Bank of England's Deputy Governor Ben Broadbent dismisses deflation threat

 
Lucy Tobin27 March 2015

A damaging spiral of deflation is unlikely to hit the UK – with prices actually set to rise “quite steeply” next year, the Bank of England’s deputy governor has said.

Countering some economists’ warnings that Britain could slump into a spiral of falling prices and wages, with a “vicious circle” where consumers delay spending and prices drop further, Ben Broadbent said that was “at best a partial description of the problem, at worst a bit misleading”.

The deputy governor threw his weight behind the theory that Britain is experiencing “good deflation” – spurred by better trade - which will in return boost households’ incomes and support the economic recovery.

Speaking at Imperial College London’s business school, Broadbent conceded that Bank policymakers remained “watchful” of the dangers of zero or negative price growth, after inflation fell to zero in February, its lowest level for more than 50 years.

But he added: “While [low inflation] is unlikely to go on for that long, it is positive, not negative, for demand and output. The likelihood of a broad and protracted deflation, afflicting wages as well as prices, is pretty low.”
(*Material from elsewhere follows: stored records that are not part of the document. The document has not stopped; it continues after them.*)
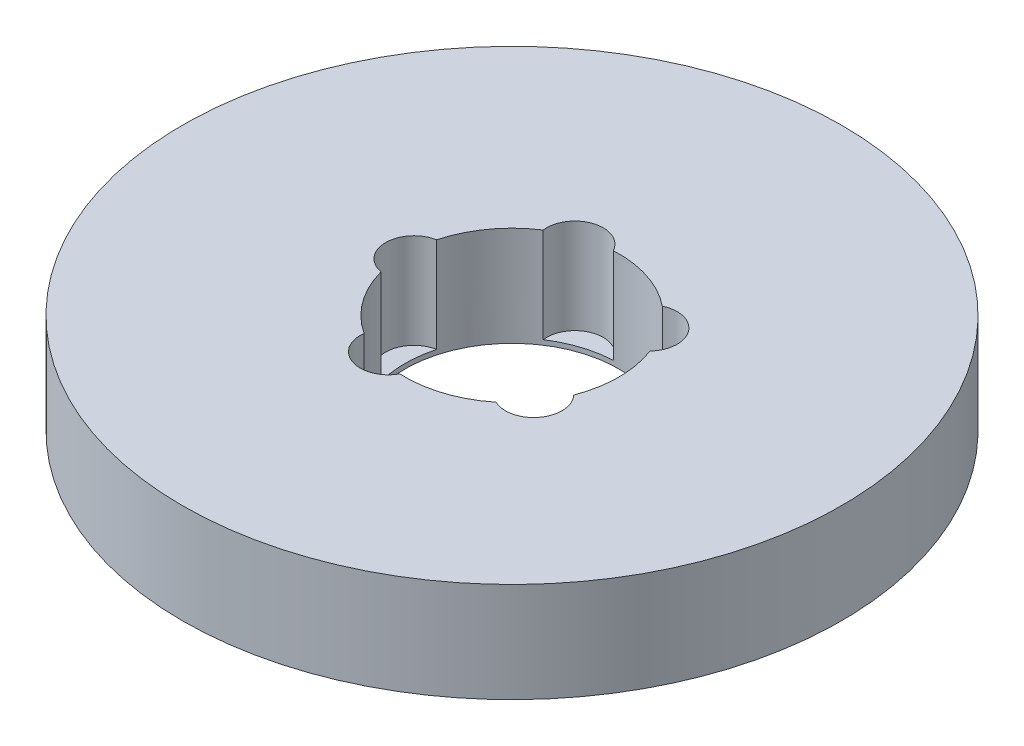
ISO-10303-21;
HEADER;
FILE_DESCRIPTION(('STEP AP214'),'2;1');
FILE_NAME('part.step','',(''),(''),'','','');
FILE_SCHEMA(('AUTOMOTIVE_DESIGN { 1 0 10303 214 1 1 1 1 }'));
ENDSEC;
DATA;
#1=APPLICATION_CONTEXT('core data for automotive mechanical design processes');
#2=APPLICATION_PROTOCOL_DEFINITION('international standard','automotive_design',2000,#1);
#3=PRODUCT_CONTEXT('',#1,'mechanical');
#4=PRODUCT('Part','Part','',(#3));
#5=PRODUCT_RELATED_PRODUCT_CATEGORY('part','',(#4));
#6=PRODUCT_DEFINITION_FORMATION('','',#4);
#7=PRODUCT_DEFINITION_CONTEXT('part definition',#1,'design');
#8=PRODUCT_DEFINITION('design','',#6,#7);
#9=PRODUCT_DEFINITION_SHAPE('','',#8);
#10=(LENGTH_UNIT() NAMED_UNIT(*) SI_UNIT(.MILLI.,.METRE.));
#11=(NAMED_UNIT(*) PLANE_ANGLE_UNIT() SI_UNIT($,.RADIAN.));
#12=(NAMED_UNIT(*) SI_UNIT($,.STERADIAN.) SOLID_ANGLE_UNIT());
#13=UNCERTAINTY_MEASURE_WITH_UNIT(LENGTH_MEASURE(1.E-05),#10,'distance_accuracy_value','');
#14=(GEOMETRIC_REPRESENTATION_CONTEXT(3) GLOBAL_UNCERTAINTY_ASSIGNED_CONTEXT((#13)) GLOBAL_UNIT_ASSIGNED_CONTEXT((#10,
#11,#12)) REPRESENTATION_CONTEXT('',''));
#15=CARTESIAN_POINT('',(0.,0.,0.));
#16=DIRECTION('',(0.,0.,1.));
#17=DIRECTION('',(1.,0.,0.));
#18=AXIS2_PLACEMENT_3D('',#15,#16,#17);
#19=CARTESIAN_POINT('',(0.,28.,0.));
#20=DIRECTION('',(0.,-1.,0.));
#21=DIRECTION('',(0.,0.,-1.));
#22=AXIS2_PLACEMENT_3D('',#19,#20,#21);
#23=CYLINDRICAL_SURFACE('',#22,92.5);
#24=CARTESIAN_POINT('',(0.,28.,0.));
#25=DIRECTION('',(0.,1.,0.));
#26=DIRECTION('',(0.,0.,1.));
#27=AXIS2_PLACEMENT_3D('',#24,#25,#26);
#28=CIRCLE('',#27,92.5);
#29=CARTESIAN_POINT('',(0.,28.,92.5));
#30=VERTEX_POINT('',#29);
#31=EDGE_CURVE('E151',#30,#30,#28,.T.);
#32=ORIENTED_EDGE('',*,*,#31,.F.);
#33=EDGE_LOOP('',(#32));
#34=FACE_BOUND('',#33,.T.);
#35=CARTESIAN_POINT('',(0.,0.,0.));
#36=DIRECTION('',(0.,1.,0.));
#37=DIRECTION('',(0.,0.,1.));
#38=AXIS2_PLACEMENT_3D('',#35,#36,#37);
#39=CIRCLE('',#38,92.5);
#40=CARTESIAN_POINT('',(0.,0.,92.5));
#41=VERTEX_POINT('',#40);
#42=EDGE_CURVE('E150',#41,#41,#39,.T.);
#43=ORIENTED_EDGE('',*,*,#42,.T.);
#44=EDGE_LOOP('',(#43));
#45=FACE_BOUND('',#44,.T.);
#46=ADVANCED_FACE('F39',(#34,#45),#23,.T.);
#47=CARTESIAN_POINT('',(0.,28.,0.));
#48=DIRECTION('',(0.,1.,0.));
#49=DIRECTION('',(0.,0.,1.));
#50=AXIS2_PLACEMENT_3D('',#47,#48,#49);
#51=PLANE('',#50);
#52=CARTESIAN_POINT('',(-8.50118758878569,28.,-26.1639650884433));
#53=DIRECTION('',(0.,1.,0.));
#54=DIRECTION('',(-0.95105651629515,0.,0.309016994374958));
#55=AXIS2_PLACEMENT_3D('',#52,#53,#54);
#56=CIRCLE('',#55,7.94232106861222);
#57=CARTESIAN_POINT('',(-1.525406769739,28.,-29.9611938044337));
#58=VERTEX_POINT('',#57);
#59=CARTESIAN_POINT('',(-16.3766678592699,28.,-25.1357265625475));
#60=VERTEX_POINT('',#59);
#61=EDGE_CURVE('E196',#58,#60,#56,.T.);
#62=ORIENTED_EDGE('',*,*,#61,.F.);
#63=CARTESIAN_POINT('',(0.,28.,0.));
#64=DIRECTION('',(0.,1.,0.));
#65=DIRECTION('',(0.,0.,1.));
#66=AXIS2_PLACEMENT_3D('',#63,#64,#65);
#67=CIRCLE('',#66,30.);
#68=CARTESIAN_POINT('',(18.8448278593757,28.,-23.3425033565489));
#69=VERTEX_POINT('',#68);
#70=EDGE_CURVE('E156',#69,#58,#67,.T.);
#71=ORIENTED_EDGE('',*,*,#70,.F.);
#72=CARTESIAN_POINT('',(22.2563980521788,28.,-16.1702197051239));
#73=DIRECTION('',(0.,1.,0.));
#74=DIRECTION('',(-0.58778525229248,0.,-0.809016994374942));
#75=AXIS2_PLACEMENT_3D('',#72,#73,#74);
#76=CIRCLE('',#75,7.94232106861222);
#77=CARTESIAN_POINT('',(28.0234119885047,28.,-10.7092661056923));
#78=VERTEX_POINT('',#77);
#79=EDGE_CURVE('E254',#78,#69,#76,.T.);
#80=ORIENTED_EDGE('',*,*,#79,.F.);
#81=CARTESIAN_POINT('',(28.0234119885049,28.,10.7092661056919));
#82=VERTEX_POINT('',#81);
#83=EDGE_CURVE('E153',#82,#78,#67,.T.);
#84=ORIENTED_EDGE('',*,*,#83,.F.);
#85=CARTESIAN_POINT('',(22.256398052179,28.,16.1702197051236));
#86=DIRECTION('',(0.,1.,0.));
#87=DIRECTION('',(0.587785252292469,0.,-0.809016994374951));
#88=AXIS2_PLACEMENT_3D('',#85,#86,#87);
#89=CIRCLE('',#88,7.94232106861222);
#90=CARTESIAN_POINT('',(18.844827859376,28.,23.3425033565487));
#91=VERTEX_POINT('',#90);
#92=EDGE_CURVE('E248',#91,#82,#89,.T.);
#93=ORIENTED_EDGE('',*,*,#92,.F.);
#94=CARTESIAN_POINT('',(-1.52540676973857,28.,29.9611938044337));
#95=VERTEX_POINT('',#94);
#96=EDGE_CURVE('E140',#95,#91,#67,.T.);
#97=ORIENTED_EDGE('',*,*,#96,.F.);
#98=CARTESIAN_POINT('',(-8.50118758878532,28.,26.1639650884434));
#99=DIRECTION('',(0.,1.,0.));
#100=DIRECTION('',(0.951056516295155,0.,0.309016994374945));
#101=AXIS2_PLACEMENT_3D('',#98,#99,#100);
#102=CIRCLE('',#101,7.94232106861222);
#103=CARTESIAN_POINT('',(-16.3766678592695,28.,25.1357265625478));
#104=VERTEX_POINT('',#103);
#105=EDGE_CURVE('E117',#104,#95,#102,.T.);
#106=ORIENTED_EDGE('',*,*,#105,.F.);
#107=CARTESIAN_POINT('',(-28.9661652188725,28.,7.8077700089707));
#108=VERTEX_POINT('',#107);
#109=EDGE_CURVE('E133',#108,#104,#67,.T.);
#110=ORIENTED_EDGE('',*,*,#109,.F.);
#111=CARTESIAN_POINT('',(-27.5104209267871,28.,0.));
#112=DIRECTION('',(0.,1.,0.));
#113=DIRECTION('',(0.,0.,1.));
#114=AXIS2_PLACEMENT_3D('',#111,#112,#113);
#115=CIRCLE('',#114,7.94232106861222);
#116=CARTESIAN_POINT('',(-28.9661652188725,28.,-7.8077700089707));
#117=VERTEX_POINT('',#116);
#118=EDGE_CURVE('E170',#117,#108,#115,.T.);
#119=ORIENTED_EDGE('',*,*,#118,.F.);
#120=EDGE_CURVE('E149',#60,#117,#67,.T.);
#121=ORIENTED_EDGE('',*,*,#120,.F.);
#122=EDGE_LOOP('',(#62,#71,#80,#84,#93,#97,#106,#110,#119,#121));
#123=FACE_BOUND('',#122,.T.);
#124=ORIENTED_EDGE('',*,*,#31,.T.);
#125=EDGE_LOOP('',(#124));
#126=FACE_BOUND('',#125,.T.);
#127=ADVANCED_FACE('F131',(#123,#126),#51,.T.);
#128=CARTESIAN_POINT('',(0.,0.,0.));
#129=DIRECTION('',(0.,1.,0.));
#130=DIRECTION('',(0.,0.,1.));
#131=AXIS2_PLACEMENT_3D('',#128,#129,#130);
#132=PLANE('',#131);
#133=CARTESIAN_POINT('',(0.,0.,0.));
#134=DIRECTION('',(0.,1.,0.));
#135=DIRECTION('',(0.,0.,1.));
#136=AXIS2_PLACEMENT_3D('',#133,#134,#135);
#137=CIRCLE('',#136,30.);
#138=CARTESIAN_POINT('',(0.,0.,30.));
#139=VERTEX_POINT('',#138);
#140=EDGE_CURVE('E160',#139,#139,#137,.T.);
#141=ORIENTED_EDGE('',*,*,#140,.T.);
#142=EDGE_LOOP('',(#141));
#143=FACE_BOUND('',#142,.T.);
#144=ORIENTED_EDGE('',*,*,#42,.F.);
#145=EDGE_LOOP('',(#144));
#146=FACE_BOUND('',#145,.T.);
#147=ADVANCED_FACE('F212',(#143,#146),#132,.F.);
#148=CARTESIAN_POINT('',(0.,28.,0.));
#149=DIRECTION('',(0.,-1.,0.));
#150=DIRECTION('',(0.,0.,-1.));
#151=AXIS2_PLACEMENT_3D('',#148,#149,#150);
#152=CYLINDRICAL_SURFACE('',#151,30.);
#153=DIRECTION('',(0.,1.,0.));
#154=VECTOR('',#153,1.);
#155=CARTESIAN_POINT('',(-1.52540676973899,14.6760229333202,-29.9611938044337));
#156=LINE('',#155,#154);
#157=CARTESIAN_POINT('',(-1.525406769739,1.35204586664049,-29.9611938044337));
#158=VERTEX_POINT('',#157);
#159=EDGE_CURVE('E11',#158,#58,#156,.T.);
#160=ORIENTED_EDGE('',*,*,#159,.F.);
#161=CARTESIAN_POINT('',(0.,1.35204586664049,0.));
#162=DIRECTION('',(0.,1.,0.));
#163=DIRECTION('',(0.,0.,1.));
#164=AXIS2_PLACEMENT_3D('',#161,#162,#163);
#165=CIRCLE('',#164,30.);
#166=CARTESIAN_POINT('',(-16.3766678592699,1.35204586664049,-25.1357265625475));
#167=VERTEX_POINT('',#166);
#168=EDGE_CURVE('E193',#158,#167,#165,.T.);
#169=ORIENTED_EDGE('',*,*,#168,.T.);
#170=DIRECTION('',(0.,1.,0.));
#171=VECTOR('',#170,1.);
#172=CARTESIAN_POINT('',(-16.3766678592699,14.6760229333202,-25.1357265625475));
#173=LINE('',#172,#171);
#174=EDGE_CURVE('E46',#60,#167,#173,.F.);
#175=ORIENTED_EDGE('',*,*,#174,.F.);
#176=ORIENTED_EDGE('',*,*,#120,.T.);
#177=DIRECTION('',(0.,1.,0.));
#178=VECTOR('',#177,1.);
#179=CARTESIAN_POINT('',(-28.9661652188725,14.6760229333202,-7.8077700089707));
#180=LINE('',#179,#178);
#181=CARTESIAN_POINT('',(-28.9661652188725,1.35204586664049,-7.8077700089707));
#182=VERTEX_POINT('',#181);
#183=EDGE_CURVE('E174',#182,#117,#180,.T.);
#184=ORIENTED_EDGE('',*,*,#183,.F.);
#185=CARTESIAN_POINT('',(0.,1.35204586664049,0.));
#186=DIRECTION('',(0.,1.,0.));
#187=DIRECTION('',(0.,0.,1.));
#188=AXIS2_PLACEMENT_3D('',#185,#186,#187);
#189=CIRCLE('',#188,30.);
#190=CARTESIAN_POINT('',(-28.9661652188725,1.35204586664049,7.8077700089707));
#191=VERTEX_POINT('',#190);
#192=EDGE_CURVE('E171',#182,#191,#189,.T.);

It’s a contrasting message to that of the central bank’s chief economist, Andy Haldane, who last week surprised the City with his warning that very low inflation could last longer than expected, potentially even requiring the Bank to cut interest rates from their current record-low of 0.5%.

Broadbent, however, said the decline in prices were mostly due to plunging oil costs “driven not by the declining value of what we sell ... but by a steep fall in the real price of something we buy” and that inflation would bounce back in around a year’s time.

He added: “Barring another steep decline in food and energy prices over the next year, headline inflation is likely to rise quite steeply.”